What strategy ensures metadata consistency during a live shard split (resharding) operation without cluster downtime?

Many propose stopping writes during migration, which violates availability requirements. The proper technique uses shadow indexing and double-write protocols. First, instantiate the new target shard as a lagging replica of the source shard using Raft log shipping. Once synchronized, switch the write path to the new shard while maintaining a tombstone log in the old shard for a grace period to handle straggler reads. A coordination service like etcd atomically updates the routing table, while MVCC timestamps ensure reads during the transition see consistent snapshots, rejecting requests that span the split boundary until atomic cutover completes.

How do you reconcile the metadata index with the physical storage layer when asynchronous garbage collection or tiering migrations fail silently?

This requires an event-sourced approach with Saga patterns for distributed transactions. The metadata service emits domain events (e.g., "TieringInitiated") to an Apache Kafka log, with the storage consumer acknowledging successful processing via idempotent callbacks.
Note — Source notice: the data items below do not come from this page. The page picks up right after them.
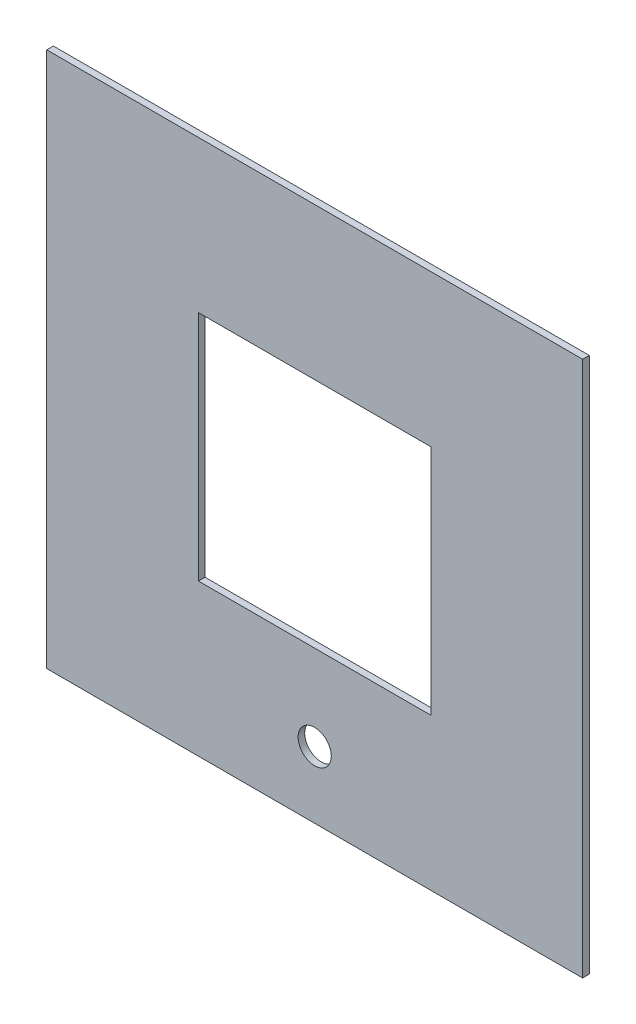
ISO-10303-21;
HEADER;
FILE_DESCRIPTION(('STEP AP214'),'2;1');
FILE_NAME('part.step','',(''),(''),'','','');
FILE_SCHEMA(('AUTOMOTIVE_DESIGN { 1 0 10303 214 1 1 1 1 }'));
ENDSEC;
DATA;
#1=APPLICATION_CONTEXT('core data for automotive mechanical design processes');
#2=APPLICATION_PROTOCOL_DEFINITION('international standard','automotive_design',2000,#1);
#3=PRODUCT_CONTEXT('',#1,'mechanical');
#4=PRODUCT('Part','Part','',(#3));
#5=PRODUCT_RELATED_PRODUCT_CATEGORY('part','',(#4));
#6=PRODUCT_DEFINITION_FORMATION('','',#4);
#7=PRODUCT_DEFINITION_CONTEXT('part definition',#1,'design');
#8=PRODUCT_DEFINITION('design','',#6,#7);
#9=PRODUCT_DEFINITION_SHAPE('','',#8);
#10=(LENGTH_UNIT() NAMED_UNIT(*) SI_UNIT(.MILLI.,.METRE.));
#11=(NAMED_UNIT(*) PLANE_ANGLE_UNIT() SI_UNIT($,.RADIAN.));
#12=(NAMED_UNIT(*) SI_UNIT($,.STERADIAN.) SOLID_ANGLE_UNIT());
#13=UNCERTAINTY_MEASURE_WITH_UNIT(LENGTH_MEASURE(1.E-05),#10,'distance_accuracy_value','');
#14=(GEOMETRIC_REPRESENTATION_CONTEXT(3) GLOBAL_UNCERTAINTY_ASSIGNED_CONTEXT((#13)) GLOBAL_UNIT_ASSIGNED_CONTEXT((#10,
#11,#12)) REPRESENTATION_CONTEXT('',''));
#15=CARTESIAN_POINT('',(0.,0.,0.));
#16=DIRECTION('',(0.,0.,1.));
#17=DIRECTION('',(1.,0.,0.));
#18=AXIS2_PLACEMENT_3D('',#15,#16,#17);
#19=CARTESIAN_POINT('',(0.,0.,3.));
#20=DIRECTION('',(0.,0.,1.));
#21=DIRECTION('',(1.,0.,0.));
#22=AXIS2_PLACEMENT_3D('',#19,#20,#21);
#23=PLANE('',#22);
#24=CARTESIAN_POINT('',(0.,-91.,3.));
#25=DIRECTION('',(0.,0.,1.));
#26=DIRECTION('',(1.,0.,0.));
#27=AXIS2_PLACEMENT_3D('',#24,#25,#26);
#28=CIRCLE('',#27,7.5);
#29=CARTESIAN_POINT('',(7.50000000000004,-91.,3.));
#30=VERTEX_POINT('',#29);
#31=EDGE_CURVE('E230',#30,#30,#28,.T.);
#32=ORIENTED_EDGE('',*,*,#31,.F.);
#33=EDGE_LOOP('',(#32));
#34=FACE_BOUND('',#33,.T.);
#35=DIRECTION('',(0.,1.,0.));
#36=VECTOR('',#35,1.);
#37=CARTESIAN_POINT('',(121.,121.,3.));
#38=LINE('',#37,#36);
#39=CARTESIAN_POINT('',(121.,-121.,3.));
#40=VERTEX_POINT('',#39);
#41=CARTESIAN_POINT('',(121.,121.,3.));
#42=VERTEX_POINT('',#41);
#43=EDGE_CURVE('E144',#40,#42,#38,.T.);
#44=ORIENTED_EDGE('',*,*,#43,.T.);
#45=DIRECTION('',(-1.,0.,0.));
#46=VECTOR('',#45,1.);
#47=CARTESIAN_POINT('',(-121.,121.,3.));
#48=LINE('',#47,#46);
#49=CARTESIAN_POINT('',(-121.,121.,3.));
#50=VERTEX_POINT('',#49);
#51=EDGE_CURVE('E147',#42,#50,#48,.T.);
#52=ORIENTED_EDGE('',*,*,#51,.T.);
#53=DIRECTION('',(0.,-1.,0.));
#54=VECTOR('',#53,1.);
#55=CARTESIAN_POINT('',(-121.,121.,3.));
#56=LINE('',#55,#54);
#57=CARTESIAN_POINT('',(-121.,-121.,3.));
#58=VERTEX_POINT('',#57);
#59=EDGE_CURVE('E150',#50,#58,#56,.T.);
#60=ORIENTED_EDGE('',*,*,#59,.T.);
#61=DIRECTION('',(1.,0.,0.));
#62=VECTOR('',#61,1.);
#63=CARTESIAN_POINT('',(-121.,-121.,3.));
#64=LINE('',#63,#62);
#65=EDGE_CURVE('E152',#58,#40,#64,.T.);
#66=ORIENTED_EDGE('',*,*,#65,.T.);
#67=EDGE_LOOP('',(#44,#52,#60,#66));
#68=FACE_BOUND('',#67,.T.);
#69=DIRECTION('',(-1.,0.,0.));
#70=VECTOR('',#69,1.);
#71=CARTESIAN_POINT('',(-52.5,52.5,3.));
#72=LINE('',#71,#70);
#73=CARTESIAN_POINT('',(52.5,52.5,3.));
#74=VERTEX_POINT('',#73);
#75=CARTESIAN_POINT('',(-52.5,52.5,3.));
#76=VERTEX_POINT('',#75);
#77=EDGE_CURVE('E114',#74,#76,#72,.T.);
#78=ORIENTED_EDGE('',*,*,#77,.F.);
#79=DIRECTION('',(0.,1.,0.));
#80=VECTOR('',#79,1.);
#81=CARTESIAN_POINT('',(52.5,52.5,3.));
#82=LINE('',#81,#80);
#83=CARTESIAN_POINT('',(52.5,-52.5,3.));
#84=VERTEX_POINT('',#83);
#85=EDGE_CURVE('E106',#84,#74,#82,.T.);
#86=ORIENTED_EDGE('',*,*,#85,.F.);
#87=DIRECTION('',(1.,0.,0.));
#88=VECTOR('',#87,1.);
#89=CARTESIAN_POINT('',(-52.5,-52.5,3.));
#90=LINE('',#89,#88);
#91=CARTESIAN_POINT('',(-52.5,-52.5,3.));
#92=VERTEX_POINT('',#91);
#93=EDGE_CURVE('E128',#92,#84,#90,.T.);
#94=ORIENTED_EDGE('',*,*,#93,.F.);
#95=DIRECTION('',(0.,-1.,0.));
#96=VECTOR('',#95,1.);
#97=CARTESIAN_POINT('',(-52.5,52.5,3.));
#98=LINE('',#97,#96);
#99=EDGE_CURVE('E126',#76,#92,#98,.T.);
#100=ORIENTED_EDGE('',*,*,#99,.F.);
#101=EDGE_LOOP('',(#78,#86,#94,#100));
#102=FACE_BOUND('',#101,.T.);
#103=ADVANCED_FACE('F41',(#34,#68,#102),#23,.T.);
#104=CARTESIAN_POINT('',(0.,0.,0.));
#105=DIRECTION('',(0.,0.,1.));
#106=DIRECTION('',(1.,0.,0.));
#107=AXIS2_PLACEMENT_3D('',#104,#105,#106);
#108=PLANE('',#107);
#109=CARTESIAN_POINT('',(0.,-91.,0.));
#110=DIRECTION('',(0.,0.,1.));
#111=DIRECTION('',(1.,0.,0.));
#112=AXIS2_PLACEMENT_3D('',#109,#110,#111);
#113=CIRCLE('',#112,7.5);
#114=CARTESIAN_POINT('',(7.50000000000004,-91.,0.));
#115=VERTEX_POINT('',#114);
#116=EDGE_CURVE('E134',#115,#115,#113,.F.);
#117=ORIENTED_EDGE('',*,*,#116,.F.);
#118=EDGE_LOOP('',(#117));
#119=FACE_BOUND('',#118,.T.);
#120=DIRECTION('',(0.,1.,0.));
#121=VECTOR('',#120,1.);
#122=CARTESIAN_POINT('',(121.,121.,0.));
#123=LINE('',#122,#121);
#124=CARTESIAN_POINT('',(121.,-121.,0.));
#125=VERTEX_POINT('',#124);
#126=CARTESIAN_POINT('',(121.,121.,0.));
#127=VERTEX_POINT('',#126);
#128=EDGE_CURVE('E122',#125,#127,#123,.T.);
#129=ORIENTED_EDGE('',*,*,#128,.F.);
#130=DIRECTION('',(1.,0.,0.));
#131=VECTOR('',#130,1.);
#132=CARTESIAN_POINT('',(-121.,-121.,0.));
#133=LINE('',#132,#131);
#134=CARTESIAN_POINT('',(-121.,-121.,0.));
#135=VERTEX_POINT('',#134);
#136=EDGE_CURVE('E148',#135,#125,#133,.T.);
#137=ORIENTED_EDGE('',*,*,#136,.F.);
#138=DIRECTION('',(0.,-1.,0.));
#139=VECTOR('',#138,1.);
#140=CARTESIAN_POINT('',(-121.,121.,0.));
#141=LINE('',#140,#139);
#142=CARTESIAN_POINT('',(-121.,121.,0.));
#143=VERTEX_POINT('',#142);
#144=EDGE_CURVE('E159',#143,#135,#141,.T.);
#145=ORIENTED_EDGE('',*,*,#144,.F.);
#146=DIRECTION('',(-1.,0.,0.));
#147=VECTOR('',#146,1.);
#148=CARTESIAN_POINT('',(-121.,121.,0.));
#149=LINE('',#148,#147);
#150=EDGE_CURVE('E157',#127,#143,#149,.T.);
#151=ORIENTED_EDGE('',*,*,#150,.F.);
#152=EDGE_LOOP('',(#129,#137,#145,#151));
#153=FACE_BOUND('',#152,.T.);
#154=DIRECTION('',(0.,1.,0.));
#155=VECTOR('',#154,1.);
#156=CARTESIAN_POINT('',(52.5,52.5,0.));
#157=LINE('',#156,#155);
#158=CARTESIAN_POINT('',(52.5,-52.5,0.));
#159=VERTEX_POINT('',#158);
#160=CARTESIAN_POINT('',(52.5,52.5,0.));
#161=VERTEX_POINT('',#160);
#162=EDGE_CURVE('E64',#159,#161,#157,.T.);
#163=ORIENTED_EDGE('',*,*,#162,.T.);
#164=DIRECTION('',(-1.,0.,0.));
#165=VECTOR('',#164,1.);
#166=CARTESIAN_POINT('',(-52.5,52.5,0.));
#167=LINE('',#166,#165);
#168=CARTESIAN_POINT('',(-52.5,52.5,0.));
#169=VERTEX_POINT('',#168);
#170=EDGE_CURVE('E121',#161,#169,#167,.T.);
#171=ORIENTED_EDGE('',*,*,#170,.T.);
#172=DIRECTION('',(0.,-1.,0.));
#173=VECTOR('',#172,1.);
#174=CARTESIAN_POINT('',(-52.5,52.5,0.));
#175=LINE('',#174,#173);
#176=CARTESIAN_POINT('',(-52.5,-52.5,0.));
#177=VERTEX_POINT('',#176);
#178=EDGE_CURVE('E136',#169,#177,#175,.T.);
#179=ORIENTED_EDGE('',*,*,#178,.T.);
#180=DIRECTION('',(1.,0.,0.));
#181=VECTOR('',#180,1.);
#182=CARTESIAN_POINT('',(-52.5,-52.5,0.));
#183=LINE('',#182,#181);
#184=EDGE_CURVE('E115',#177,#159,#183,.T.);
#185=ORIENTED_EDGE('',*,*,#184,.T.);
#186=EDGE_LOOP('',(#163,#171,#179,#185));
#187=FACE_BOUND('',#186,.T.);
#188=ADVANCED_FACE('F177',(#119,#153,#187),#108,.F.);
#189=CARTESIAN_POINT('',(121.,121.,3.));
#190=DIRECTION('',(-1.,0.,0.));
#191=DIRECTION('',(0.,-1.,0.));
#192=AXIS2_PLACEMENT_3D('',#189,#190,#191);
#193=PLANE('',#192);
#194=ORIENTED_EDGE('',*,*,#128,.T.);
#195=DIRECTION('',(0.,0.,-1.));
#196=VECTOR('',#195,1.);
#197=CARTESIAN_POINT('',(121.,121.,3.));
#198=LINE('',#197,#196);
#199=EDGE_CURVE('E11',#42,#127,#198,.T.);
#200=ORIENTED_EDGE('',*,*,#199,.F.);
#201=ORIENTED_EDGE('',*,*,#43,.F.);
#202=DIRECTION('',(0.,0.,-1.));
#203=VECTOR('',#202,1.);
#204=CARTESIAN_POINT('',(121.,-121.,3.));
#205=LINE('',#204,#203);
#206=EDGE_CURVE('E154',#40,#125,#205,.T.);
#207=ORIENTED_EDGE('',*,*,#206,.T.);
#208=EDGE_LOOP('',(#194,#200,#201,#207));
#209=FACE_BOUND('',#208,.T.);
#210=ADVANCED_FACE('F43',(#209),#193,.F.);
#211=CARTESIAN_POINT('',(-121.,121.,3.));
#212=DIRECTION('',(0.,-1.,0.));
#213=DIRECTION('',(1.,0.,0.));
#214=AXIS2_PLACEMENT_3D('',#211,#212,#213);
#215=PLANE('',#214);
#216=ORIENTED_EDGE('',*,*,#150,.T.);
#217=DIRECTION('',(0.,0.,-1.));
#218=VECTOR('',#217,1.);
#219=CARTESIAN_POINT('',(-121.,121.,3.));
#220=LINE('',#219,#218);
#221=EDGE_CURVE('E49',#50,#143,#220,.T.);
#222=ORIENTED_EDGE('',*,*,#221,.F.);
#223=ORIENTED_EDGE('',*,*,#51,.F.);
#224=ORIENTED_EDGE('',*,*,#199,.T.);
#225=EDGE_LOOP('',(#216,#222,#223,#224));
#226=FACE_BOUND('',#225,.T.);
#227=ADVANCED_FACE('F187',(#226),#215,.F.);
#228=CARTESIAN_POINT('',(-121.,121.,3.));
#229=DIRECTION('',(1.,0.,0.));
#230=DIRECTION('',(0.,1.,0.));
#231=AXIS2_PLACEMENT_3D('',#228,#229,#230);
#232=PLANE('',#231);
#233=ORIENTED_EDGE('',*,*,#144,.T.);
#234=DIRECTION('',(0.,0.,-1.));
#235=VECTOR('',#234,1.);
#236=CARTESIAN_POINT('',(-121.,-121.,3.));
#237=LINE('',#236,#235);
#238=EDGE_CURVE('E164',#58,#135,#237,.T.);
#239=ORIENTED_EDGE('',*,*,#238,.F.);
#240=ORIENTED_EDGE('',*,*,#59,.F.);
#241=ORIENTED_EDGE('',*,*,#221,.T.);
#242=EDGE_LOOP('',(#233,#239,#240,#241));
#243=FACE_BOUND('',#242,.T.);
#244=ADVANCED_FACE('F171',(#243),#232,.F.);
#245=CARTESIAN_POINT('',(-121.,-121.,3.));
#246=DIRECTION('',(0.,1.,0.));
#247=DIRECTION('',(0.,0.,1.));
#248=AXIS2_PLACEMENT_3D('',#245,#246,#247);
#249=PLANE('',#248);
#250=ORIENTED_EDGE('',*,*,#136,.T.);
#251=ORIENTED_EDGE('',*,*,#206,.F.);
#252=ORIENTED_EDGE('',*,*,#65,.F.);
#253=ORIENTED_EDGE('',*,*,#238,.T.);
#254=EDGE_LOOP('',(#250,#251,#252,#253));
#255=FACE_BOUND('',#254,.T.);
#256=ADVANCED_FACE('F181',(#255),#249,.F.);
#257=CARTESIAN_POINT('',(52.5,52.5,3.));
#258=DIRECTION('',(-1.,0.,0.));
#259=DIRECTION('',(0.,0.,1.));
#260=AXIS2_PLACEMENT_3D('',#257,#258,#259);
#261=PLANE('',#260);
#262=ORIENTED_EDGE('',*,*,#162,.F.);
#263=DIRECTION('',(0.,0.,-1.));
#264=VECTOR('',#263,1.);
#265=CARTESIAN_POINT('',(52.5,-52.5,3.));
#266=LINE('',#265,#264);
#267=EDGE_CURVE('E110',#84,#159,#266,.T.);
#268=ORIENTED_EDGE('',*,*,#267,.F.);
#269=ORIENTED_EDGE('',*,*,#85,.T.);
#270=DIRECTION('',(0.,0.,-1.));
#271=VECTOR('',#270,1.);
#272=CARTESIAN_POINT('',(52.5,52.5,3.));
#273=LINE('',#272,#271);
#274=EDGE_CURVE('E109',#74,#161,#273,.T.);
#275=ORIENTED_EDGE('',*,*,#274,.T.);
#276=EDGE_LOOP('',(#262,#268,#269,#275));
#277=FACE_BOUND('',#276,.T.);
#278=ADVANCED_FACE('F108',(#277),#261,.T.);
#279=CARTESIAN_POINT('',(-52.5,52.5,3.));
#280=DIRECTION('',(0.,-1.,0.));
#281=DIRECTION('',(0.,0.,-1.));
#282=AXIS2_PLACEMENT_3D('',#279,#280,#281);
#283=PLANE('',#282);
#284=ORIENTED_EDGE('',*,*,#170,.F.);
#285=ORIENTED_EDGE('',*,*,#274,.F.);
#286=ORIENTED_EDGE('',*,*,#77,.T.);
#287=DIRECTION('',(0.,0.,-1.));
#288=VECTOR('',#287,1.);
#289=CARTESIAN_POINT('',(-52.5,52.5,3.));
#290=LINE('',#289,#288);
#291=EDGE_CURVE('E123',#76,#169,#290,.T.);
#292=ORIENTED_EDGE('',*,*,#291,.T.);
#293=EDGE_LOOP('',(#284,#285,#286,#292));
#294=FACE_BOUND('',#293,.T.);
#295=ADVANCED_FACE('F118',(#294),#283,.T.);
#296=CARTESIAN_POINT('',(-52.5,52.5,3.));
#297=DIRECTION('',(1.,0.,0.));
#298=DIRECTION('',(0.,0.,-1.));
#299=AXIS2_PLACEMENT_3D('',#296,#297,#298);
#300=PLANE('',#299);
#301=ORIENTED_EDGE('',*,*,#178,.F.);
#302=ORIENTED_EDGE('',*,*,#291,.F.);
#303=ORIENTED_EDGE('',*,*,#99,.T.);
#304=DIRECTION('',(0.,0.,-1.));
#305=VECTOR('',#304,1.);
#306=CARTESIAN_POINT('',(-52.5,-52.5,3.));
#307=LINE('',#306,#305);
#308=EDGE_CURVE('E56',#92,#177,#307,.T.);
#309=ORIENTED_EDGE('',*,*,#308,.T.);
#310=EDGE_LOOP('',(#301,#302,#303,#309));
#311=FACE_BOUND('',#310,.T.);
#312=ADVANCED_FACE('F213',(#311),#300,.T.);
#313=CARTESIAN_POINT('',(-52.5,-52.5,3.));
#314=DIRECTION('',(0.,1.,0.));
#315=DIRECTION('',(0.,0.,1.));
#316=AXIS2_PLACEMENT_3D('',#313,#314,#315);
#317=PLANE('',#316);
#318=ORIENTED_EDGE('',*,*,#184,.F.);
#319=ORIENTED_EDGE('',*,*,#308,.F.);
#320=ORIENTED_EDGE('',*,*,#93,.T.);
#321=ORIENTED_EDGE('',*,*,#267,.T.);
#322=EDGE_LOOP('',(#318,#319,#320,#321));
#323=FACE_BOUND('',#322,.T.);
#324=ADVANCED_FACE('F217',(#323),#317,.T.);
#325=CARTESIAN_POINT('',(0.,-91.,-0.00100000000000013));
#326=DIRECTION('',(0.,0.,1.));
#327=DIRECTION('',(1.,0.,0.));
#328=AXIS2_PLACEMENT_3D('',#325,#326,#327);
#329=CYLINDRICAL_SURFACE('',#328,7.5);
#330=ORIENTED_EDGE('',*,*,#31,.T.);
#331=EDGE_LOOP('',(#330));
#332=FACE_BOUND('',#331,.T.);
#333=ORIENTED_EDGE('',*,*,#116,.T.);
#334=EDGE_LOOP('',(#333));
#335=FACE_BOUND('',#334,.T.);
#336=ADVANCED_FACE('F223',(#332,#335),#329,.F.);
#337=CLOSED_SHELL('',(#103,#188,#210,#227,#244,#256,#278,#295,#312,#324,#336));
#338=MANIFOLD_SOLID_BREP('B2',#337);
#339=ADVANCED_BREP_SHAPE_REPRESENTATION('',(#18,#338),#14);
#340=SHAPE_DEFINITION_REPRESENTATION(#9,#339);
ENDSEC;
END-ISO-10303-21;

If the storage layer fails to migrate the object within a specified timeout, the metadata service receives a Saga timeout event and triggers a compensating transaction to revert the metadata state to "HOT". Additionally, implement a background reconciliation scanner using Merkle trees to efficiently identify divergences between metadata and physical storage HEAD requests, repairing inconsistencies without requiring full table scans.